Is there a way to run ollama with IPEX-LLM on CPU

Question

Is there a way to run ollama with IPEX-LLM on CPU

reeingal opened this issue a month ago · comments

I want to run ollama with IPEM-LLM on a machine with 4 Intel Xeon CPU E7-4830 v3 processors and 256GB of memory. The operating system is Ubuntu 24.04. I followed the steps in the official tutorial as follows:

Install Intel® oneAPI Base Toolkit:

apt-get install intel-basekit
apt-get install intel-hpckit

Install ipex-llm-cpp:

pip install --pre --upgrade ipex-llm[cpp]

Execute init-ollama:
```
init-ollama
```

Run ollama:

source /opt/intel/oneapi/setvars.sh
ollama serve

Pull the model:
```
ollama pull qwen:7b-chat
```
Chat with ollama through open-webui.

But when I selected the model on open-webui and sent the question, I received a response with error code 500.
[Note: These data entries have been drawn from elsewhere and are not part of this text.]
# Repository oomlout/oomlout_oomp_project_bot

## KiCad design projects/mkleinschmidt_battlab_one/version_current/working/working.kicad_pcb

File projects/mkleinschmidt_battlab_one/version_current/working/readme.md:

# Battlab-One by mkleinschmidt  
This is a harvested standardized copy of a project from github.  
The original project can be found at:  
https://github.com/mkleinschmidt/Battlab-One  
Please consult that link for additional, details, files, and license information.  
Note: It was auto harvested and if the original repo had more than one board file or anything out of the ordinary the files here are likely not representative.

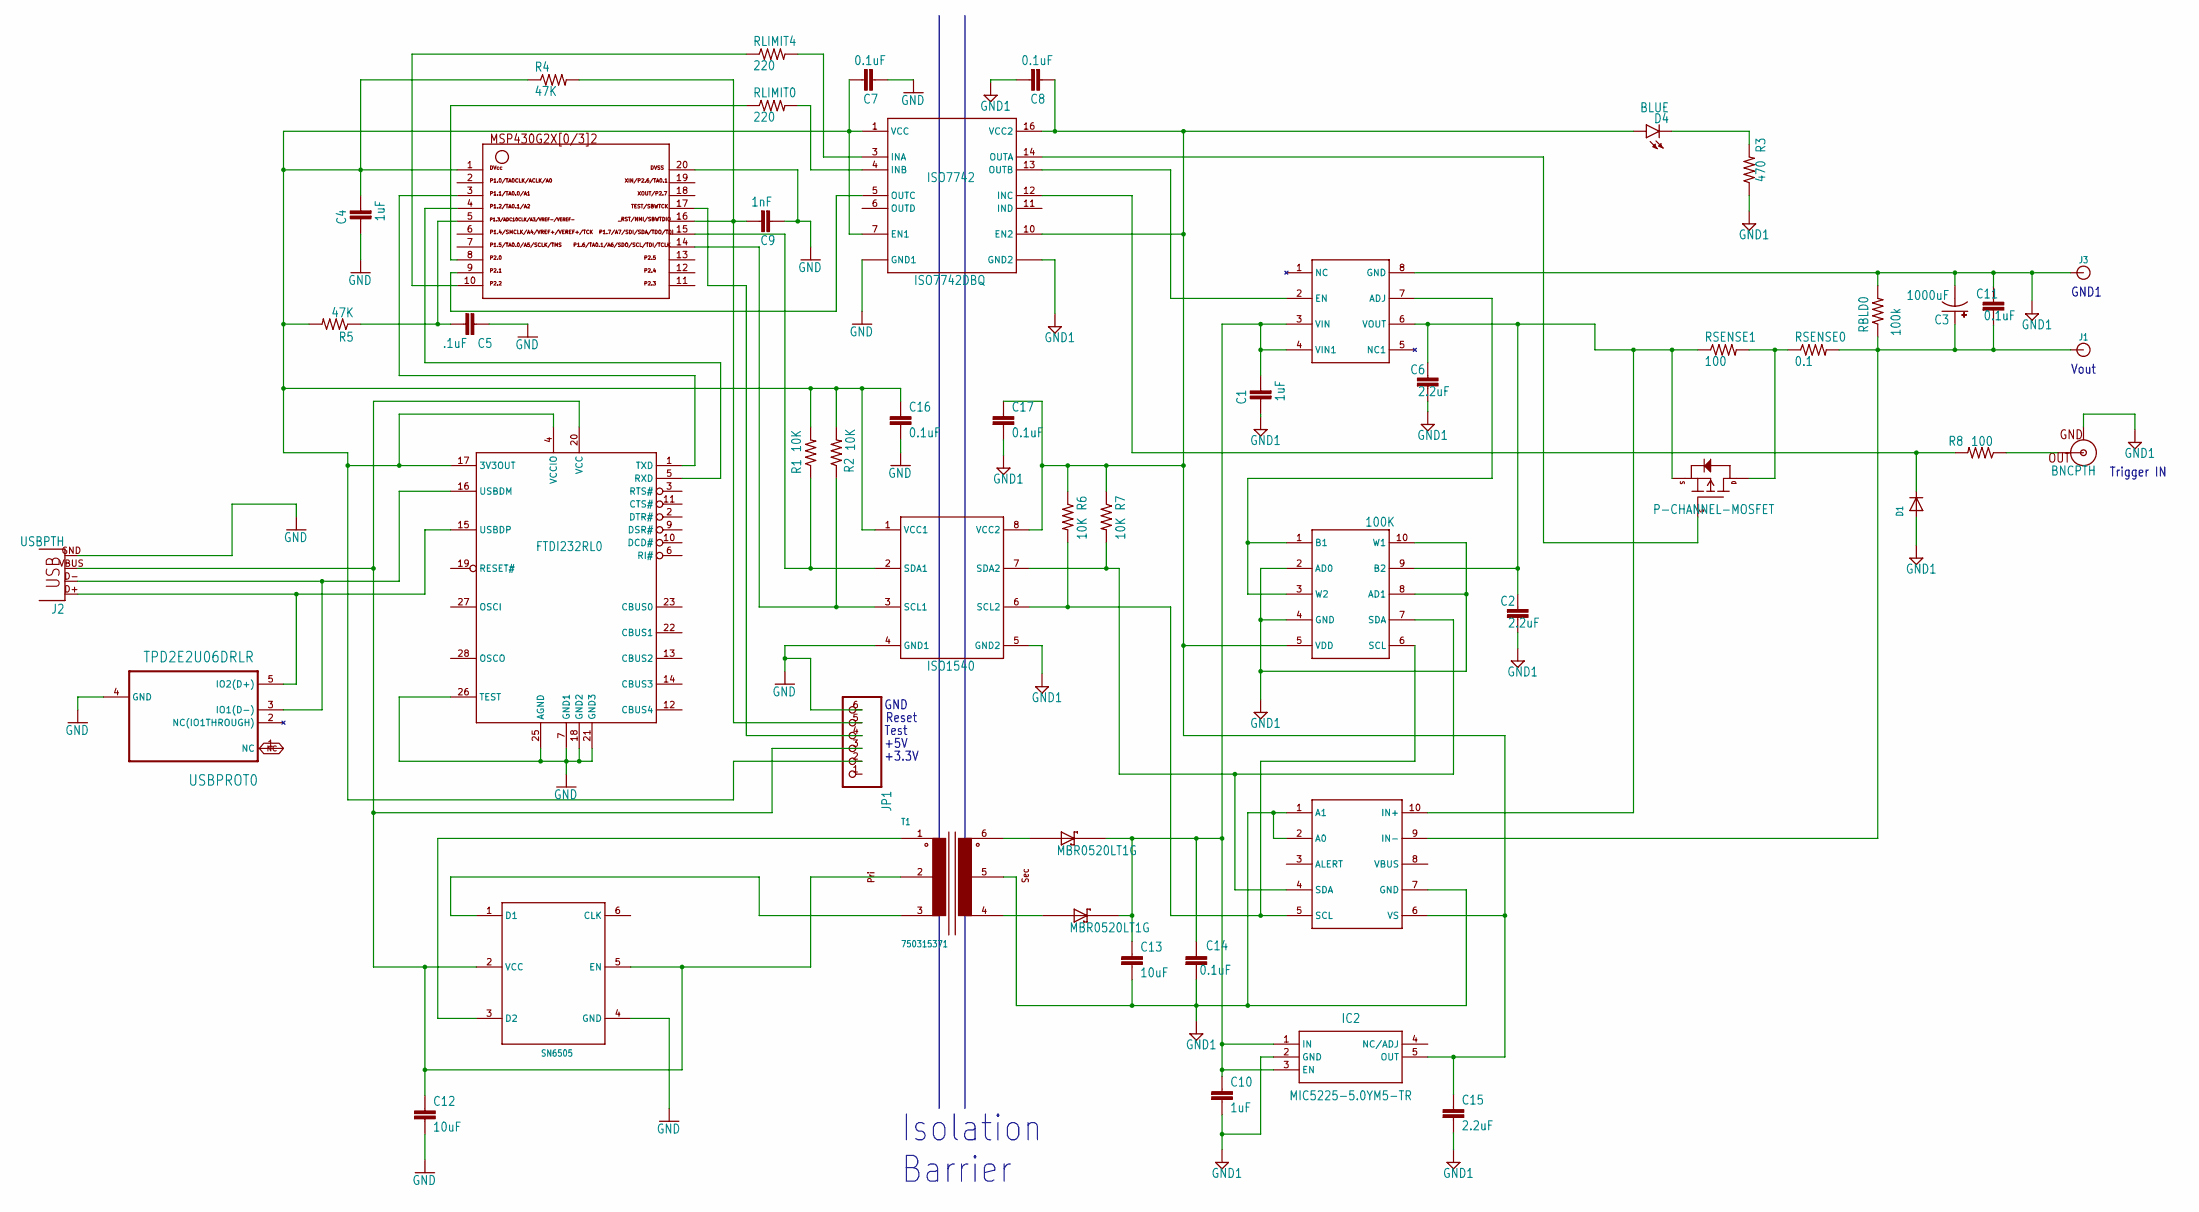
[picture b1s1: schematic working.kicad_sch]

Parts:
AD5248: 100K; MSOP-10
AP2318: AP2318; SOIC-8
C1, C4, C10: 1uF; 1206
C2, C6, C15: 2.2uF; 1206
C3: 1000uF; PANASONIC_F
C5: .1uF; 1206
C7, C8, C11, C14, C16, C17: 0.1uF; 1206
C9: 1nF; 1206
C12, C13: 10uF; 1206
D1: DIODESOD-123; SOD-123
D2, D3: MBR0520LT1G; SOD3716X117(SOD-123)
D4: BLUE; LED-1206
FTDI232RL0: FT232RL; SSOP28DB
IC2: MIC5225-5.0YM5-TR; SOT95P280X130-5N
INA233: INA233; VSSOP-10
ISO1540: ISO1540; SOIC127P600X175-8N
ISO7742: ISO7742DBQ; SOP63P599X175-16N
J1, J3: BANANA_CONN
J2: USBPTH; USB-B-PTH
JP1: PINHD-1X6; 1X06
MSP430: G2X[0/3]2---PW20; PW20
P-MOS0: P-CHANNEL-MOSFET; SOT23-3
R1, R2, R6, R7: 10K; 1206
R3: 470; 1206
R4, R5: 47K; 1206
R8: 100; 1206
RBLD0: 100k; 1206
RLIMIT0, RLIMIT4: 220; 1206
RSENSE0: 0.1; 1206
RSENSE1: 100; 1206
SN6505: SN6505; SOT95P280X145-6N
T1: 750315371; TOR-6P-HT4_SMT_6PIN_(1201)
TRIG0: BNCPTH; BNC
USBPROT0: TPD2E2U06DRLR; SOT50P160X60-5N

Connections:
3.3V: C4.2, C7.2, C16.1, FTDI232RL0.4 (VCCIO), FTDI232RL0.17 (3V3OUT), ISO1540.1 (VCC1), ISO7742.1 (VCC), ISO7742.7 (EN1), JP1.2, MSP430.1, R1.2, R2.2, R4.1, R5.2
+5V_LDO: AD5248.5 (VDD), C8.1, C15.1, C17.1, D4.A, IC2.5 (OUT), INA233.6 (VS), ISO1540.8 (VCC2), ISO7742.10 (EN2), ISO7742.16 (VCC2), R6.1, R7.1
GND: C4.1, C5.1, C7.1, C9.1, C12.2, C16.2, FTDI232RL0.7 (GND1), FTDI232RL0.18 (GND2), FTDI232RL0.21 (GND3), FTDI232RL0.25 (AGND), FTDI232RL0.26 (TEST), ISO1540.4 (GND1), ISO7742.2 (GND1), ISO7742.8 (GND1), J2.GND, JP1.6, MSP430.20, SN6505.4 (GND), USBPROT0.4 (GND)
GND1: AD5248.2 (AD0), AD5248.4 (GND), AD5248.8 (AD1), AD5248.10 (W1), AP2318.8 (GND), C1.1, C2.2, C3.-, C6.2, C8.2, C10.2, C11.1, C13.2, C14.2, C15.2, C17.2, D1.A, IC2.2 (GND), INA233.1 (A1), INA233.2 (A0), INA233.7 (GND), ISO1540.5 (GND2), ISO7742.9 (GND2), ISO7742.15 (GND2), J3.P$1, R3.1, RBLD0.2, T1.5, TRIG0.GND
LDO_EN: ISO7742.4 (INB), RLIMIT0.2
LDO_EN1: MSP430.8, RLIMIT0.1
LDO_EN2: AP2318.2 (EN), ISO7742.13 (OUTB)
unnamed: P-MOS0.3 (D), RSENSE0.1, RSENSE1.2
unnamed: AP2318.3 (VIN), AP2318.4 (VIN1), C1.2, C10.1, C13.1, C14.1, D2.1 (C), D3.1 (C), IC2.1 (IN), IC2.3 (EN)
unnamed: D3.2 (A), T1.4
unnamed: D2.2 (A), T1.6
unnamed: AD5248.1 (B1), AD5248.3 (W2), AP2318.7 (ADJ)
unnamed: D4.C, R3.2
unnamed: R8.1, TRIG0.S (OUT)
NC: USBPROT0.1 (NC)
RESET: C9.2, JP1.5, MSP430.16, R4.2
RS_EN: MSP430.10, RLIMIT4.1
RS_EN1: ISO7742.3 (INA), RLIMIT4.2
RS_EN2: ISO7742.14 (OUTA), P-MOS0.1 (G)
SCL1: ISO1540.3 (SCL1), MSP430.14, R2.1
SCL2: AD5248.6 (SCL), INA233.5 (SCL), ISO1540.6 (SCL2), R6.2
SDA1: ISO1540.2 (SDA1), MSP430.15, R1.1
SDA2: AD5248.7 (SDA), INA233.4 (SDA), ISO1540.7 (SDA2), R7.2
TEST: JP1.4, MSP430.17
TRANS1: SN6505.3 (D2), T1.1
TRANS3: SN6505.1 (D1), T1.3
TRIGGER_MSP1: ISO7742.5 (OUTC), MSP430.9
TRIGGER_MSP2: D1.C, ISO7742.12 (INC), R8.2
UART_RX: FTDI232RL0.5 (RXD), MSP430.4
UART_TX: FTDI232RL0.1 (TXD), MSP430.3
USB+: FTDI232RL0.15 (USBDP), J2.D+, USBPROT0.5 (IO2(D+))
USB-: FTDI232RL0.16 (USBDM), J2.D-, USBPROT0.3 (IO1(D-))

I checked the console, and the last output was as follows:

[SYCL] call ggml_init_sycl
ggml_init_sycl: GGML_SYCL_DEBUG: 0
ggml_init_sycl: GGML_SYCL_F16: no
found 2 SYCL devices:
|  |                  |                                             |       |Max compute|Max work|Max sub|               |                                  |
|ID|       Device Type|                                         Name|Version|units      |group   |group  |Global mem size|                    Driver version|
|--|------------------|---------------------------------------------|-------|-----------|--------|-------|---------------|----------------------------------|
| 0|    [opencl:cpu:0]|          Intel Xeon CPU E7-4830 v3 ® 2.10GHz|    3.0|         96|    8192|     64|        270317M|2024.17.5.0.08_160000.xmain-hotfix|
| 1|    [opencl:acc:0]|                  Intel FPGA Emulation Device|    1.2|         96|67108864|     64|        270317M|2024.17.5.0.08_160000.xmain-hotfix|
ggml_backend_sycl_set_mul_device_mode: true
llama_model_load: error loading model: DeviceList is empty. -30 (PI_ERROR_INVALID_VALUE)
llama_load_model_from_file: exception loading model
terminate called after throwing an instance of 'sycl::_V1::invalid_paramter_error'
  what(): DeviceList is empty. -30 (PI_ERROR_INVALID_VALUE)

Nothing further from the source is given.